Luckily my dog survived, thanks to his dogged determination not to give up on her. 

So folks please be careful, we might not like insects in our houses, but be warned our being rid of them may come at a cost we find hard to bear. I know I nearly did.


----------



## gus-lopez (Jan 4, 2010)

JoCatalunya said:


> Now that Spring is finally here, I would just like to warn fellow expats of a potential danger to be found in the shops which seems to be the answer to all us insect hating folks prayers.
> 
> I am talking about ZUM, subtitle 'A Year Without Insects', it is truly a fantastic product and indeed offers the user a year, well a good few months at least of insect free living. How? Well I am not too sure, but basically you spray it on any surface like your window bottoms and hey presto any insect that lands or crawls across it dies. Not just the instant that you spray it, but afterwards, for weeks, for months as long as it isnt washed away.
> 
> ...


Yes, we use a different product, as do the local spaniards, but only spray it on the house walls as that's where the flies tend to gather. I never use it anywhere the dogs can get at it. When you look at the products they've all got the 'dangerous to fish / water courses' labels on.


----------



## Alcalaina (Aug 6, 2010)

We have geckoes, much more user-friendly!

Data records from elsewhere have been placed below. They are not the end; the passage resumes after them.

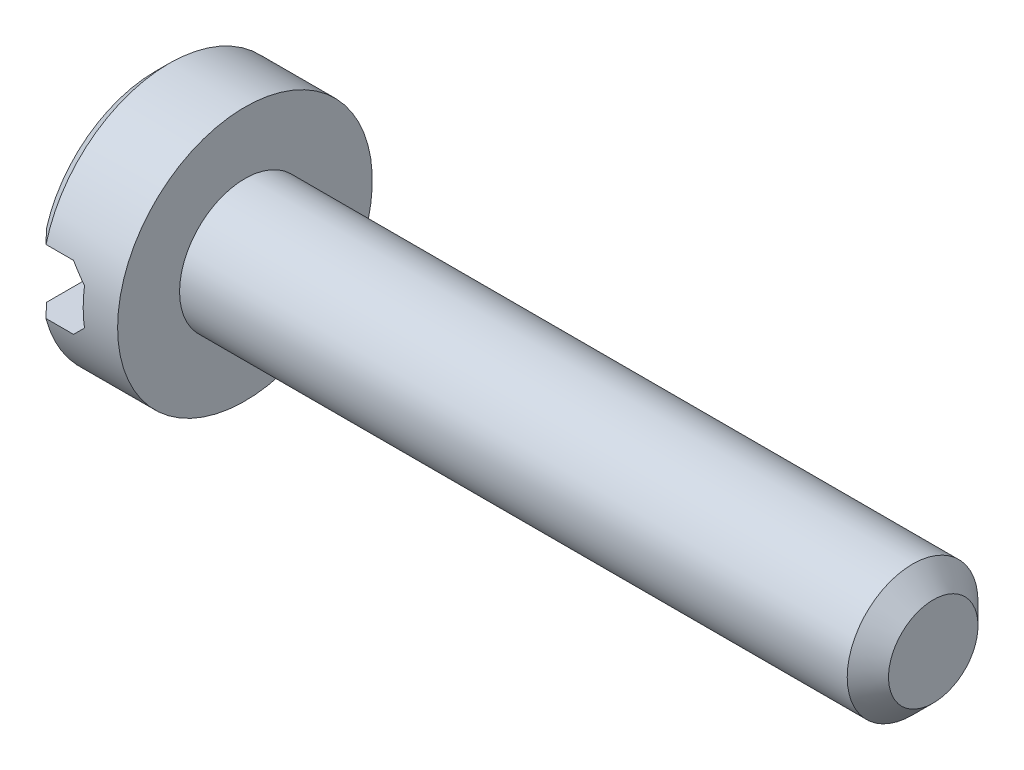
ISO-10303-21;
HEADER;
FILE_DESCRIPTION(('STEP AP214'),'2;1');
FILE_NAME('part.step','',(''),(''),'','','');
FILE_SCHEMA(('AUTOMOTIVE_DESIGN { 1 0 10303 214 1 1 1 1 }'));
ENDSEC;
DATA;
#1=APPLICATION_CONTEXT('core data for automotive mechanical design processes');
#2=APPLICATION_PROTOCOL_DEFINITION('international standard','automotive_design',2000,#1);
#3=PRODUCT_CONTEXT('',#1,'mechanical');
#4=PRODUCT('Part','Part','',(#3));
#5=PRODUCT_RELATED_PRODUCT_CATEGORY('part','',(#4));
#6=PRODUCT_DEFINITION_FORMATION('','',#4);
#7=PRODUCT_DEFINITION_CONTEXT('part definition',#1,'design');
#8=PRODUCT_DEFINITION('design','',#6,#7);
#9=PRODUCT_DEFINITION_SHAPE('','',#8);
#10=(LENGTH_UNIT() NAMED_UNIT(*) SI_UNIT(.MILLI.,.METRE.));
#11=(NAMED_UNIT(*) PLANE_ANGLE_UNIT() SI_UNIT($,.RADIAN.));
#12=(NAMED_UNIT(*) SI_UNIT($,.STERADIAN.) SOLID_ANGLE_UNIT());
#13=UNCERTAINTY_MEASURE_WITH_UNIT(LENGTH_MEASURE(1.E-05),#10,'distance_accuracy_value','');
#14=(GEOMETRIC_REPRESENTATION_CONTEXT(3) GLOBAL_UNCERTAINTY_ASSIGNED_CONTEXT((#13)) GLOBAL_UNIT_ASSIGNED_CONTEXT((#10,
#11,#12)) REPRESENTATION_CONTEXT('',''));
#15=CARTESIAN_POINT('',(0.,0.,0.));
#16=DIRECTION('',(0.,0.,1.));
#17=DIRECTION('',(1.,0.,0.));
#18=AXIS2_PLACEMENT_3D('',#15,#16,#17);
#19=CARTESIAN_POINT('',(1.3,1.85,0.));
#20=DIRECTION('',(-1.,0.,0.));
#21=DIRECTION('',(0.,0.,1.));
#22=AXIS2_PLACEMENT_3D('',#19,#20,#21);
#23=PLANE('',#22);
#24=CARTESIAN_POINT('',(1.3,0.,0.));
#25=DIRECTION('',(-1.,0.,0.));
#26=DIRECTION('',(0.,0.,1.));
#27=AXIS2_PLACEMENT_3D('',#24,#25,#26);
#28=CIRCLE('',#27,1.85);
#29=CARTESIAN_POINT('',(1.3,0.,1.85));
#30=VERTEX_POINT('',#29);
#31=EDGE_CURVE('E111',#30,#30,#28,.T.);
#32=ORIENTED_EDGE('',*,*,#31,.F.);
#33=EDGE_LOOP('',(#32));
#34=FACE_BOUND('',#33,.T.);
#35=CARTESIAN_POINT('',(1.3,0.,0.));
#36=DIRECTION('',(-1.,0.,0.));
#37=DIRECTION('',(0.,0.,1.));
#38=AXIS2_PLACEMENT_3D('',#35,#36,#37);
#39=CIRCLE('',#38,0.95);
#40=CARTESIAN_POINT('',(1.3,0.,0.95));
#41=VERTEX_POINT('',#40);
#42=EDGE_CURVE('E150',#41,#41,#39,.F.);
#43=ORIENTED_EDGE('',*,*,#42,.F.);
#44=EDGE_LOOP('',(#43));
#45=FACE_BOUND('',#44,.T.);
#46=ADVANCED_FACE('F37',(#34,#45),#23,.F.);
#47=CARTESIAN_POINT('',(0.2,0.,0.));
#48=DIRECTION('',(1.,0.,0.));
#49=DIRECTION('',(0.,0.,-1.));
#50=AXIS2_PLACEMENT_3D('',#47,#48,#49);
#51=CONICAL_SURFACE('',#50,1.85,0.785398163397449);
#52=CARTESIAN_POINT('',(0.2,0.,0.));
#53=DIRECTION('',(-1.,0.,0.));
#54=DIRECTION('',(0.,0.,1.));
#55=AXIS2_PLACEMENT_3D('',#52,#53,#54);
#56=CIRCLE('',#55,1.85);
#57=CARTESIAN_POINT('',(0.2,0.465549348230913,1.79046468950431));
#58=VERTEX_POINT('',#57);
#59=CARTESIAN_POINT('',(0.2,0.465549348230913,-1.79046468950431));
#60=VERTEX_POINT('',#59);
#61=EDGE_CURVE('E132',#58,#60,#56,.T.);
#62=ORIENTED_EDGE('',*,*,#61,.T.);
#63=CARTESIAN_POINT('',(2.42344087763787,0.465549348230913,-4.04674985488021));
#64=CARTESIAN_POINT('',(2.31422073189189,0.465549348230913,-3.9368070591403));
#65=CARTESIAN_POINT('',(2.20502763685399,0.465549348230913,-3.82683737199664));
#66=CARTESIAN_POINT('',(1.98669704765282,0.465549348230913,-3.60680197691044));
#67=CARTESIAN_POINT('',(1.87755956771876,0.465549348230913,-3.49673625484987));
#68=CARTESIAN_POINT('',(1.65894933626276,0.465549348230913,-3.27607034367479));
#69=CARTESIAN_POINT('',(1.54947697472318,0.465549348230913,-3.16546976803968));
#70=CARTESIAN_POINT('',(1.33068893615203,0.465549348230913,-2.94415427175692));
#71=CARTESIAN_POINT('',(1.22137323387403,0.465549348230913,-2.83343937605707));
#72=CARTESIAN_POINT('',(0.94158553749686,0.465549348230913,-2.54959909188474));
#73=CARTESIAN_POINT('',(0.771245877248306,0.465549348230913,-2.37634297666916));
#74=CARTESIAN_POINT('',(0.516315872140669,0.465549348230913,-2.11577452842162));
#75=CARTESIAN_POINT('',(0.431406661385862,0.465549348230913,-2.02877427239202));
#76=CARTESIAN_POINT('',(0.261908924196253,0.465549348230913,-1.85447495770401));
#77=CARTESIAN_POINT('',(0.177320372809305,0.465549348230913,-1.76717592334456));
#78=CARTESIAN_POINT('',(0.00893926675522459,0.465549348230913,-1.59244630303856));
#79=CARTESIAN_POINT('',(-0.0748550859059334,0.465549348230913,-1.50501745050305));
#80=CARTESIAN_POINT('',(-0.241707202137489,0.465549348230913,-1.32940591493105));
#81=CARTESIAN_POINT('',(-0.324764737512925,0.465549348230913,-1.24122301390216));
#82=CARTESIAN_POINT('',(-0.448249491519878,0.465549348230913,-1.10803308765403));
#83=CARTESIAN_POINT('',(-0.4892012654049,0.465549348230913,-1.06351303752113));
#84=CARTESIAN_POINT('',(-0.570603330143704,0.465549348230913,-0.974017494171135));
#85=CARTESIAN_POINT('',(-0.61105363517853,0.465549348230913,-0.929042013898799));
#86=CARTESIAN_POINT('',(-0.691196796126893,0.465549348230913,-0.838458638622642));
#87=CARTESIAN_POINT('',(-0.730890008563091,0.465549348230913,-0.792851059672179));
#88=CARTESIAN_POINT('',(-0.809128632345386,0.465549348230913,-0.700664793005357));
#89=CARTESIAN_POINT('',(-0.847674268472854,0.465549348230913,-0.654086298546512));
#90=CARTESIAN_POINT('',(-0.899367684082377,0.465549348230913,-0.588920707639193));
#91=CARTESIAN_POINT('',(-0.913355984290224,0.465549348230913,-0.571002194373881));
#92=CARTESIAN_POINT('',(-0.940978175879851,0.465549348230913,-0.53489334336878));
#93=CARTESIAN_POINT('',(-0.954612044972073,0.465549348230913,-0.516702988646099));
#94=CARTESIAN_POINT('',(-0.994922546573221,0.465549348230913,-0.461548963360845));
#95=CARTESIAN_POINT('',(-1.02093788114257,0.465549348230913,-0.424089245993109));
#96=CARTESIAN_POINT('',(-1.06919063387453,0.465549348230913,-0.348468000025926));
#97=CARTESIAN_POINT('',(-1.09152270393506,0.465549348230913,-0.310367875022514));
#98=CARTESIAN_POINT('',(-1.13109948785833,0.465549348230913,-0.231663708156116));
#99=CARTESIAN_POINT('',(-1.1483700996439,0.465549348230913,-0.191073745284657));
#100=CARTESIAN_POINT('',(-1.16937161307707,0.465549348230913,-0.122137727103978));
#101=CARTESIAN_POINT('',(-1.17573754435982,0.465549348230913,-0.0946292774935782));
#102=CARTESIAN_POINT('',(-1.18362415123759,0.465549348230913,-0.0389959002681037));
#103=CARTESIAN_POINT('',(-1.1851644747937,0.465549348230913,-0.0108739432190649));
#104=CARTESIAN_POINT('',(-1.18310496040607,0.465549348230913,0.0451823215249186));
#105=CARTESIAN_POINT('',(-1.17950248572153,0.465549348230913,0.0731165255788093));
#106=CARTESIAN_POINT('',(-1.16789735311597,0.465549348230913,0.128135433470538));
#107=CARTESIAN_POINT('',(-1.15987428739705,0.465549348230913,0.155215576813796));
#108=CARTESIAN_POINT('',(-1.13863829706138,0.465549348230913,0.213647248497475));
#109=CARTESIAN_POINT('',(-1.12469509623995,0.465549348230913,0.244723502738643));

I would never use poison round the house or garden. We don't have problems with insects. We do occasionally get those tiny Argentinian ants in the kitchen if we accidentally spill some fruit juice or something, but they are easily dealt with using boiling water.


----------



## dunmovin (Dec 19, 2008)

There is a product, similar to Zum, but it is a sticker you place on a window or other surface, the colours and pattern is supposed to attract insects and the active chemical kills them. Because you can place them in locations that pets can't reach they might be safer...... I'll try to find the packet later and post the product name.


----------



## PokAlice (Mar 8, 2011)

Aren't most insecticides/pesticides a danger to marine life/ the environment in some shape or form? I've certainly seen that symbol on bottles in the past including those that are allowed to be used indoors. I try to avoid using spray insecticides at all if possible (especially around the house with young children), though in Spain that can be a challenge - especially as it seems that the Spanish (my wife included) seem to love spraying the stuff liberally around the house as though it were air freshener.


----------



## Pesky Wesky (May 10, 2009)

PokAlice said:


> Aren't most insecticides/pesticides a danger to marine life/ the environment in some shape or form?


Exactly!!

If you're using a product to kill something you can safely assume it's going to kill/ harm others.


----------



## Sonrisa (Sep 2, 2010)

PokAlice said:


> - especially as it seems that the Spanish (my wife included) seem to love spraying the stuff liberally around the house as though it were air freshener.


Really? 

I ban them from my home, as do most spanish women that I know. The poison is so much more harmful than the roaches or whaever little ****** that you are trying to get rid of.


----------



## JoCatalunya (Mar 16, 2011)

Whilst it is preferable not to use insecticides I grant you, and yes they all do carry the little fish and tree emblem on them to warn you they are harmful to the environment. The fact remains there is a danger that someone unsuspecting sprays it where their dog or cat or worse their child could get at it. 
I would hate for anyone else to go through what my dog and I went through. 
Sometimes folk use a spray without thinking of the consequences and as I need glasses to read by I found it hard to see the blurry picture on the can when I bought it and believed wrongly I grant you, that if someone creates a poison they would also create an antidote.


----------